■ **Collected data**
##########

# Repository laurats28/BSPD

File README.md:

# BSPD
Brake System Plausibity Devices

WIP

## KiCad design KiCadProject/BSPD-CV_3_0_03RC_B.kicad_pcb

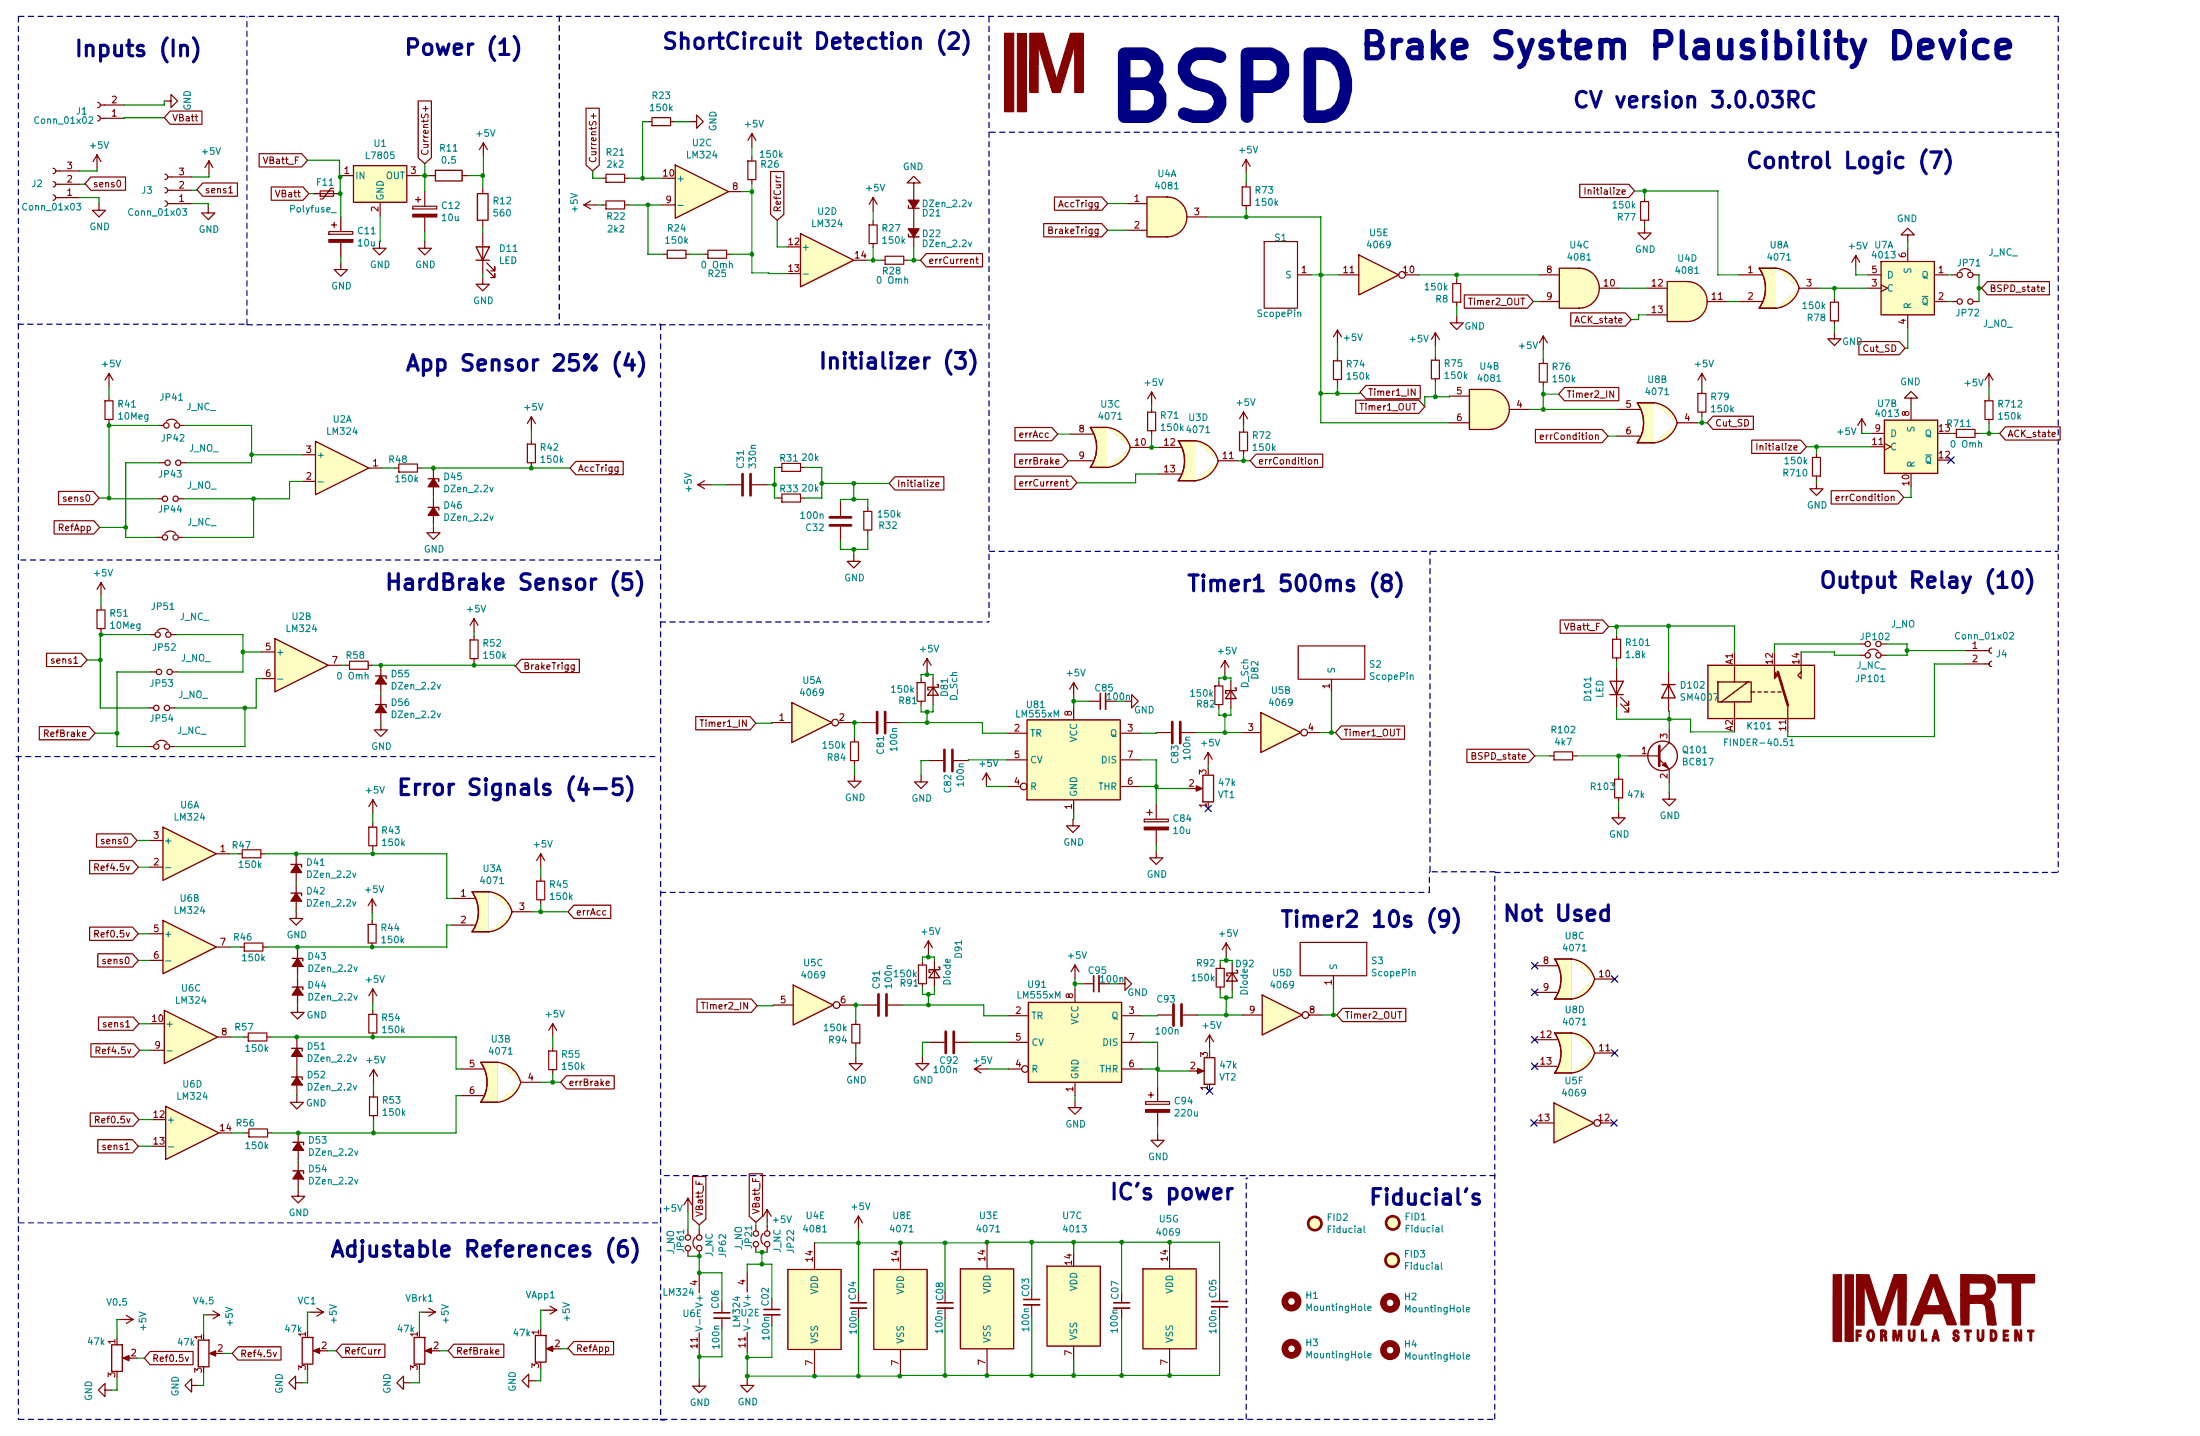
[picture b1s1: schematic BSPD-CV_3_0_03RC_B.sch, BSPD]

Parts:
C02, C03, C04, C05, C06, C07, C08, C32, C81, C82, C83, C85, C91, C92, C93, C95: 100n; C_0603_1608Metric_Pad1.08x0.95mm_HandSolder
C11, C12, C84: 10u; CP_Elec_4x5.3
C31: 330n; C_0603_1608Metric_Pad1.08x0.95mm_HandSolder
C94: 220u; CP_Elec_8x6.5
D11, D101: LED; LED_0603_1608Metric_Pad1.05x0.95mm_HandSolder
D21, D22, D41, D42, D43, D44, D45, D46, D51, D52, D53, D54, D55, D56: DZen_2.2v; D_DO-34_SOD68_P2.54mm_Vertical_AnodeUp
D81, D82: D_Sch; D_SOD-323F
D91, D92: Diode; D_SOD-323F
D102: SM4007; D_SOD-323F
F11: Polyfuse_; Fuse_1206_3216Metric_Pad1.42x1.75mm_HandSolder
FID1, FID2, FID3: Fiducial; Fiducial_0.5mm_Mask1.5mm
G2: LOGO; Logo_MART_40_40_2022
H1, H2, H3, H4: MountingHole; MountingHole_2.7mm_M2.5_DIN965_Pad
J1, J4: Conn_01x02; Molex_Nano-Fit_105313-xx02_1x02_P2.50mm_Horizontal
J2, J3: Conn_01x03; Molex_Nano-Fit_105313-xx03_1x03_P2.50mm_Horizontal
JP21, JP61, JP102: J_NO; SolderJumper-2_P1.3mm_Open_RoundedPad1.0x1.5mm
JP22, JP62: J_NC; SolderJumper-2_P1.3mm_Bridged_RoundedPad1.0x1.5mm
JP41, JP44, JP51, JP54, JP71, JP101: J_NC_; SolderJumper-2_P1.3mm_Bridged_RoundedPad1.0x1.5mm
JP42, JP43, JP52, JP53, JP72: J_NO_; SolderJumper-2_P1.3mm_Open_RoundedPad1.0x1.5mm
K101: FINDER-40.51; Rele 12VDC 5A Pan
Q101: BC817; SOT-23
R8, R23, R24, R26, R27, R32, R42, R43, R44, R45, R46, R47, R48, R52, R53, R54, R55, R56, R57, R71, R72, R73, R74, R75, R76, R77, R78, R79, R81, R82, R84, R91, R92, R94, R710, R712: 150k; R_0402_1005Metric_Pad0.72x0.64mm_HandSolder
R11: 0.5; R_1206_3216Metric_Pad1.30x1.75mm_HandSolder
R12: 560; R_0402_1005Metric_Pad0.72x0.64mm_HandSolder
R21, R22: 2k2; R_0402_1005Metric_Pad0.72x0.64mm_HandSolder
R25, R28, R58, R711: 0 Omh; R_0402_1005Metric_Pad0.72x0.64mm_HandSolder
R31, R33: 20k; R_0402_1005Metric_Pad0.72x0.64mm_HandSolder
R41, R51: 10Meg; R_0402_1005Metric_Pad0.72x0.64mm_HandSolder
R101: 1.8k; R_0402_1005Metric_Pad0.72x0.64mm_HandSolder
R102: 4k7; R_0402_1005Metric_Pad0.72x0.64mm_HandSolder
R103: 47k; R_0402_1005Metric_Pad0.72x0.64mm_HandSolder
S1, S2, S3: ScopePin
U1: L7805; SOT-223
U2, U6: LM324; SOIC-14_3.9x8.7mm_P1.27mm
U3, U8: 4071; SOIC-14_3.9x8.7mm_P1.27mm
U4: 4081; SOIC-14_3.9x8.7mm_P1.27mm
U5: 4069; SOIC-14_3.9x8.7mm_P1.27mm
U7: 4013; SOIC-14_3.9x8.7mm_P1.27mm
U81, U91: LM555xM; DIP-8_W7.62mm_Socket
V0.5, V4.5: 47k; RPot_6.71x7.04mm
VApp1: 47k; Potentiometer_Bourns_3214W_Vertical
VBrk1: 47k; Potentiometer_Bourns_3214W_Vertical
VC1: 47k; RPot_6.71x7.04mm
VT1, VT2: 47k; RPot_6.71x7.04mm

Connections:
+5V: C03.1, C04.1, C05.1, C07.1, C08.1, C31.1, C85.1, C95.1, D81.1 (K), D82.1 (K), D91.1 (K), D92.1 (K), J2.3, J3.3, JP22.2, JP61.2, R11.1, R12.1, R22.1, R26.1, R27.1, R41.1, R42.1, R43.1, R44.1, R45.1, R51.1, R52.1, R53.1, R54.1, R55.1, R71.1, R72.1, R73.1, R74.1, R75.1, R76.1, R79.1, R81.1, R82.1, R91.1, R92.1, R712.1, U3.14 (VDD), U4.14 (VDD), U5.14 (VDD), U7.5 (D), U7.9 (D), U7.14 (VDD), U8.14 (VDD), U81.4 (R), U81.8 (VCC), U91.4 (R), U91.8 (VCC), V0.5.1, V4.5.1, VApp1.1, VBrk1.1, VC1.1, VT1.3, VT2.3
ACK_state: R711.2, R712.2, U4.13
AccTrigg: D45.1 (K), D45.2 (A), D46.1 (K), R42.2, R48.2, U4.1
BSPD_state: JP71.2, JP72.2, R102.1
BrakeTrigg: D55.1 (K), R52.2, R58.2, U4.2
CurrentS+: C12.1, R11.2, R21.1, U1.3 (OUT)
Cut_SD: R79.2, U7.4 (R), U8.4
Initialize: C32.2, R31.2, R32.1, R33.2, R77.2, R710.2, U7.11 (C), U8.1
unnamed: C02.1, JP21.1, JP22.1, U2.4 (V+)
unnamed: C06.1, JP61.1, JP62.1, U6.4 (V+)
unnamed: C31.2, R31.1, R33.1
unnamed: C81.1, R84.2, U5.2
unnamed: C81.2, D81.2 (A), R81.2, U81.2 (TR)
unnamed: C82.2, U81.5 (CV)
unnamed: C83.1, U81.3 (Q)
unnamed: C83.2, D82.2 (A), R82.2, U5.3
unnamed: C84.1, U81.6 (THR), U81.7 (DIS), VT1.2
unnamed: C91.1, R94.2, U5.6
unnamed: C91.2, D91.2 (A), R91.2, U91.2 (TR)
unnamed: C92.2, U91.5 (CV)
unnamed: C93.1, U91.3 (Q)
unnamed: C93.2, D92.2 (A), R92.2, U5.9
unnamed: C94.1, U91.6 (THR), U91.7 (DIS), VT2.2
unnamed: D11.2 (A), R12.2
unnamed: D21.1 (K), D22.2 (A)
unnamed: D41.1 (K), R43.2, R47.2, U3.1
unnamed: D41.2 (A), D42.1 (K)
unnamed: D43.1 (K), R44.2, R46.2, U3.2
unnamed: D43.2 (A), D44.1 (K)
unnamed: D51.1 (K), R54.2, R57.2, U3.5
unnamed: D51.2 (A), D52.1 (K)
unnamed: D53.1 (K), R53.2, R56.2, U3.6
unnamed: D53.2 (A), D54.1 (K)
unnamed: D55.2 (A), D56.1 (K)
unnamed: D101.1 (K), D102.2 (A), K101.A2, Q101.3 (C)
unnamed: D101.2 (A), R101.2
unnamed: J4.1, JP101.2, JP102.2
unnamed: J4.2, K101.11
unnamed: JP41.2, JP42.2, U2.3 (+)
unnamed: JP43.2, JP44.2, U2.2 (-)
unnamed: JP51.2, JP52.2, U2.5 (+)
unnamed: JP53.2, JP54.2, U2.6 (-)
unnamed: JP71.1, U7.1 (Q)
unnamed: JP72.1, U7.2 (~Q)
unnamed: JP101.1, K101.14
unnamed: JP102.1, K101.12
unnamed: Q101.1 (B), R102.2, R103.2
unnamed: R8.2, U4.8, U5.10
unnamed: R21.2, R23.1, U2.10 (+)
unnamed: R22.2, R24.1, U2.9 (-)
unnamed: R24.2, R25.1
unnamed: R25.2, R26.2, U2.8, U2.13 (-)
unnamed: R27.2, R28.1, U2.14
unnamed: R46.1, U6.7
unnamed: R47.1, U6.1
unnamed: R48.1, U2.1
unnamed: R56.1, U6.14
unnamed: R57.1, U6.8
unnamed: R58.1, U2.7
unnamed: R71.2, U3.10, U3.12
unnamed: R78.2, U7.3 (C), U8.3
unnamed: R711.1, U7.13 (Q)
unnamed: U4.10, U4.12
unnamed: U4.11, U8.2
Ref0.5v: U6.5 (+), U6.12 (+), V0.5.2
Ref4.5v: U6.2 (-), U6.9 (-), V4.5.2
RefApp: JP42.1, JP44.1, VApp1.2
RefBrake: JP52.1, JP54.1, VBrk1.2
RefCurr: U2.12 (+), VC1.2
Timer1_IN: R73.2, R74.2, S1.1, U4.3, U4.6, U5.1, U5.11
Timer1_OUT: R75.2, S2.1, U4.5, U5.4
Timer2_IN: R76.2, U4.4, U5.5, U8.5
Timer2_OUT: S3.1, U4.9, U5.8
VBatt: F11.1, J1.1
VBatt_F: C11.1, D102.1 (K), F11.2, JP21.2, JP62.2, K101.A1, R101.1, U1.1 (IN)
errAcc: R45.2, U3.3, U3.8
errBrake: R55.2, U3.4, U3.9
errCondition: R72.2, U3.11, U7.10 (R), U8.6
errCurrent: D22.1 (K), R28.2, U3.13
sens0: J2.2, JP41.1, JP43.1, R41.2, U6.3 (+), U6.6 (-)
sens1: J3.2, JP51.1, JP53.1, R51.2, U6.10 (+), U6.13 (-)

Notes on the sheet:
BSPD
Inputs (In)
Power (1)
ShortCircuit Detection (2)
App Sensor 25% (4)
HardBrake Sensor (5)
Adjustable References (6)
IC's power
Timer2 10s (9)
Timer1 500ms (8)
Control Logic (7)
Output Relay (10)
Initializer (3)
Fiducial's
Brake System Plausibility Device
CV version 3.0.03RC
Not Used
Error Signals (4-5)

##########

■ **AIM OF THE TASK**
Within the entries above, some lines may contain "System". Report how many, and nothing else.

■ **FINISHED TASK**
2